Within the listing below, show every line that contains the word "units".

• • • • • • •

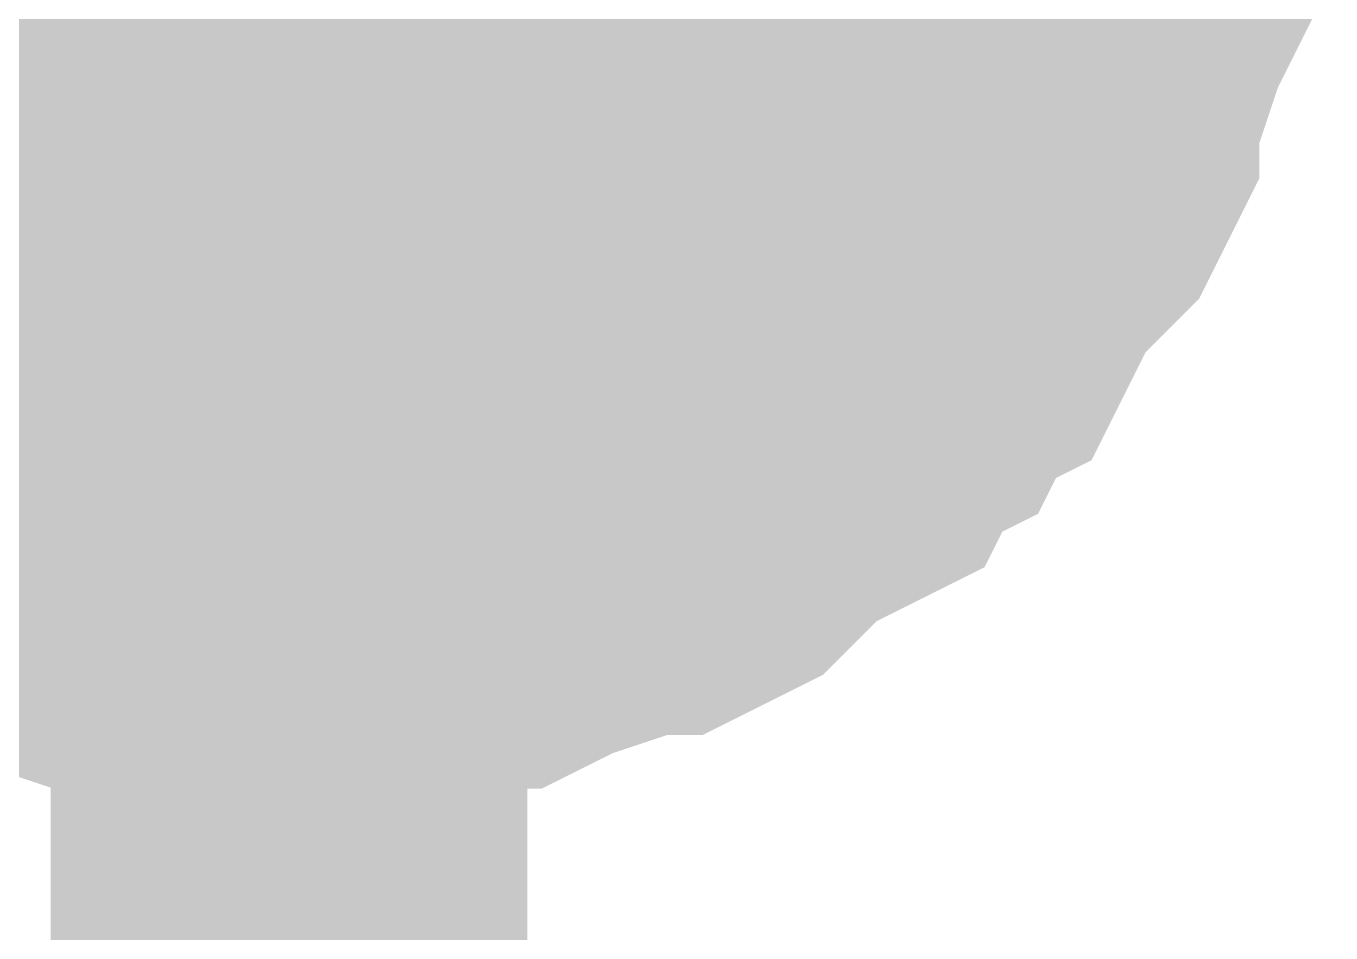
# Model space of a CAD drawing. Header units: inches. Extents: x 0 to 432, y 0 to 280.
# Drawn here: x 248.764 to 249.585, y 166.894 to 167.464 of the extents above; entities that cross this region are included whole.
import ezdxf

# ---------------------------------------------------------------- set-up
doc = ezdxf.new("R2010")
doc.units = ezdxf.units.IN
doc.layers.add('Sheet', color=255, linetype='Continuous')

msp = doc.modelspace()

# ---------------------------------------------------------------- linework, layer by layer
at = {"layer": 'Sheet'}
msp.add_lwpolyline([(248.666, 167.64, 0.508, 0.508, 1), (249.174, 167.64, 0.508, 0.508, 1)], format="xyseb", close=True, dxfattribs=at)
for points in [[(249.43503, 167.62877, 0.29972, 0.29972, 0), (249.43503, 167.60631, 0.29972, 0.29972, 0), (249.43503, 167.57262, 0.29972, 0.29972, 0), (249.4238, 167.55016, 0.29972, 0.29972, 0), (249.4238, 167.5277, 0.29972, 0.29972, 0), (249.4238, 167.50524, 0.29972, 0.29972, 0), (249.41257, 167.48278, 0.29972, 0.29972, 0), (249.40134, 167.44909, 0.29972, 0.29972, 0), (249.39011, 167.42663, 0.29972, 0.29972, 0), (249.39011, 167.40417, 0.29972, 0.29972, 0), (249.37888, 167.38171, 0.29972, 0.29972, 0), (249.36764, 167.37048, 0.29972, 0.29972, 0), (249.34518, 167.34802, 0.29972, 0.29972, 0), (249.33395, 167.32556, 0.29972, 0.29972, 0), (249.32272, 167.3031, 0.29972, 0.29972, 0), (249.30026, 167.29187, 0.29972, 0.29972, 0), (249.28903, 167.26941, 0.29972, 0.29972, 0), (249.26657, 167.25818, 0.29972, 0.29972, 0), (249.25534, 167.23572, 0.29972, 0.29972, 0), (249.23288, 167.22449, 0.29972, 0.29972, 0), (249.21041, 167.21326, 0.29972, 0.29972, 0), (249.18795, 167.1908, 0.29972, 0.29972, 0), (249.17672, 167.17957, 0.29972, 0.29972, 0), (249.15426, 167.16834, 0.29972, 0.29972, 0), (249.1318, 167.16834, 0.29972, 0.29972, 0), (249.10934, 167.15711, 0.29972, 0.29972, 0), (249.07565, 167.14588, 0.29972, 0.29972, 0), (249.05318, 167.13465, 0.29972, 0.29972, 0), (249.03072, 167.13465, 0.29972, 0.29972, 0), (249.00826, 167.13465, 0.29972, 0.29972, 0), (248.9858, 167.12342, 0.29972, 0.29972, 0), (248.95211, 167.12342, 0.29972, 0.29972, 0), (248.92965, 167.12342, 0.29972, 0.29972, 0)], [(249.43503, 167.62877, 0.29972, 0.29972, 0), (249.43503, 167.60631, 0.29972, 0.29972, 0), (249.43503, 167.57262, 0.29972, 0.29972, 0), (249.4238, 167.55016, 0.29972, 0.29972, 0), (249.4238, 167.5277, 0.29972, 0.29972, 0), (249.4238, 167.50524, 0.29972, 0.29972, 0), (249.41257, 167.48278, 0.29972, 0.29972, 0), (249.40134, 167.44909, 0.29972, 0.29972, 0), (249.39011, 167.42663, 0.29972, 0.29972, 0), (249.39011, 167.40417, 0.29972, 0.29972, 0), (249.37888, 167.38171, 0.29972, 0.29972, 0), (249.36764, 167.37048, 0.29972, 0.29972, 0), (249.34518, 167.34802, 0.29972, 0.29972, 0), (249.33395, 167.32556, 0.29972, 0.29972, 0), (249.32272, 167.3031, 0.29972, 0.29972, 0), (249.30026, 167.29187, 0.29972, 0.29972, 0), (249.28903, 167.26941, 0.29972, 0.29972, 0), (249.26657, 167.25818, 0.29972, 0.29972, 0), (249.25534, 167.23572, 0.29972, 0.29972, 0), (249.23288, 167.22449, 0.29972, 0.29972, 0), (249.21041, 167.21326, 0.29972, 0.29972, 0), (249.18795, 167.1908, 0.29972, 0.29972, 0), (249.17672, 167.17957, 0.29972, 0.29972, 0), (249.15426, 167.16834, 0.29972, 0.29972, 0), (249.1318, 167.16834, 0.29972, 0.29972, 0), (249.10934, 167.15711, 0.29972, 0.29972, 0), (249.07565, 167.14588, 0.29972, 0.29972, 0), (249.05318, 167.13465, 0.29972, 0.29972, 0), (249.03072, 167.13465, 0.29972, 0.29972, 0), (249.00826, 167.13465, 0.29972, 0.29972, 0), (248.9858, 167.12342, 0.29972, 0.29972, 0), (248.95211, 167.12342, 0.29972, 0.29972, 0), (248.92965, 167.12342, 0.29972, 0.29972, 0)], [(248.92965, 147.31387, 0.29972, 0.29972, 0), (248.92965, 167.62877, 0.29972, 0.29972, 0)], [(249.43503, 167.62877, 0.29972, 0.29972, 0), (249.43503, 167.60631, 0.29972, 0.29972, 0), (249.43503, 167.57262, 0.29972, 0.29972, 0), (249.4238, 167.55016, 0.29972, 0.29972, 0), (249.4238, 167.5277, 0.29972, 0.29972, 0), (249.4238, 167.50524, 0.29972, 0.29972, 0), (249.41257, 167.48278, 0.29972, 0.29972, 0), (249.40134, 167.44909, 0.29972, 0.29972, 0), (249.39011, 167.42663, 0.29972, 0.29972, 0), (249.39011, 167.40417, 0.29972, 0.29972, 0), (249.37888, 167.38171, 0.29972, 0.29972, 0), (249.36764, 167.37048, 0.29972, 0.29972, 0), (249.34518, 167.34802, 0.29972, 0.29972, 0), (249.33395, 167.32556, 0.29972, 0.29972, 0), (249.32272, 167.3031, 0.29972, 0.29972, 0), (249.30026, 167.29187, 0.29972, 0.29972, 0), (249.28903, 167.26941, 0.29972, 0.29972, 0), (249.26657, 167.25818, 0.29972, 0.29972, 0), (249.25534, 167.23572, 0.29972, 0.29972, 0), (249.23288, 167.22449, 0.29972, 0.29972, 0), (249.21041, 167.21326, 0.29972, 0.29972, 0), (249.18795, 167.1908, 0.29972, 0.29972, 0), (249.17672, 167.17957, 0.29972, 0.29972, 0), (249.15426, 167.16834, 0.29972, 0.29972, 0), (249.1318, 167.16834, 0.29972, 0.29972, 0), (249.10934, 167.15711, 0.29972, 0.29972, 0), (249.07565, 167.14588, 0.29972, 0.29972, 0), (249.05318, 167.13465, 0.29972, 0.29972, 0), (249.03072, 167.13465, 0.29972, 0.29972, 0), (249.00826, 167.13465, 0.29972, 0.29972, 0), (248.9858, 167.12342, 0.29972, 0.29972, 0), (248.95211, 167.12342, 0.29972, 0.29972, 0), (248.92965, 167.12342, 0.29972, 0.29972, 0)], [(249.43503, 167.62877, 0.29972, 0.29972, 0), (249.43503, 167.60631, 0.29972, 0.29972, 0), (249.43503, 167.57262, 0.29972, 0.29972, 0), (249.4238, 167.55016, 0.29972, 0.29972, 0), (249.4238, 167.5277, 0.29972, 0.29972, 0), (249.4238, 167.50524, 0.29972, 0.29972, 0), (249.41257, 167.48278, 0.29972, 0.29972, 0), (249.40134, 167.44909, 0.29972, 0.29972, 0), (249.39011, 167.42663, 0.29972, 0.29972, 0), (249.39011, 167.40417, 0.29972, 0.29972, 0), (249.37888, 167.38171, 0.29972, 0.29972, 0), (249.36764, 167.37048, 0.29972, 0.29972, 0), (249.34518, 167.34802, 0.29972, 0.29972, 0), (249.33395, 167.32556, 0.29972, 0.29972, 0), (249.32272, 167.3031, 0.29972, 0.29972, 0), (249.30026, 167.29187, 0.29972, 0.29972, 0), (249.28903, 167.26941, 0.29972, 0.29972, 0), (249.26657, 167.25818, 0.29972, 0.29972, 0), (249.25534, 167.23572, 0.29972, 0.29972, 0), (249.23288, 167.22449, 0.29972, 0.29972, 0), (249.21041, 167.21326, 0.29972, 0.29972, 0), (249.18795, 167.1908, 0.29972, 0.29972, 0), (249.17672, 167.17957, 0.29972, 0.29972, 0), (249.15426, 167.16834, 0.29972, 0.29972, 0), (249.1318, 167.16834, 0.29972, 0.29972, 0), (249.10934, 167.15711, 0.29972, 0.29972, 0), (249.07565, 167.14588, 0.29972, 0.29972, 0), (249.05318, 167.13465, 0.29972, 0.29972, 0), (249.03072, 167.13465, 0.29972, 0.29972, 0), (249.00826, 167.13465, 0.29972, 0.29972, 0), (248.9858, 167.12342, 0.29972, 0.29972, 0), (248.95211, 167.12342, 0.29972, 0.29972, 0), (248.92965, 167.12342, 0.29972, 0.29972, 0)], [(249.43503, 167.62877, 0.29972, 0.29972, 0), (249.43503, 167.60631, 0.29972, 0.29972, 0), (249.43503, 167.57262, 0.29972, 0.29972, 0), (249.4238, 167.55016, 0.29972, 0.29972, 0), (249.4238, 167.5277, 0.29972, 0.29972, 0), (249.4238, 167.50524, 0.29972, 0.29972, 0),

• • • • • • •

◆ **Finished exercise**:
# Model space of a CAD drawing. Header units: inches. Extents: x 0 to 432, y 0 to 280.
doc.units = ezdxf.units.IN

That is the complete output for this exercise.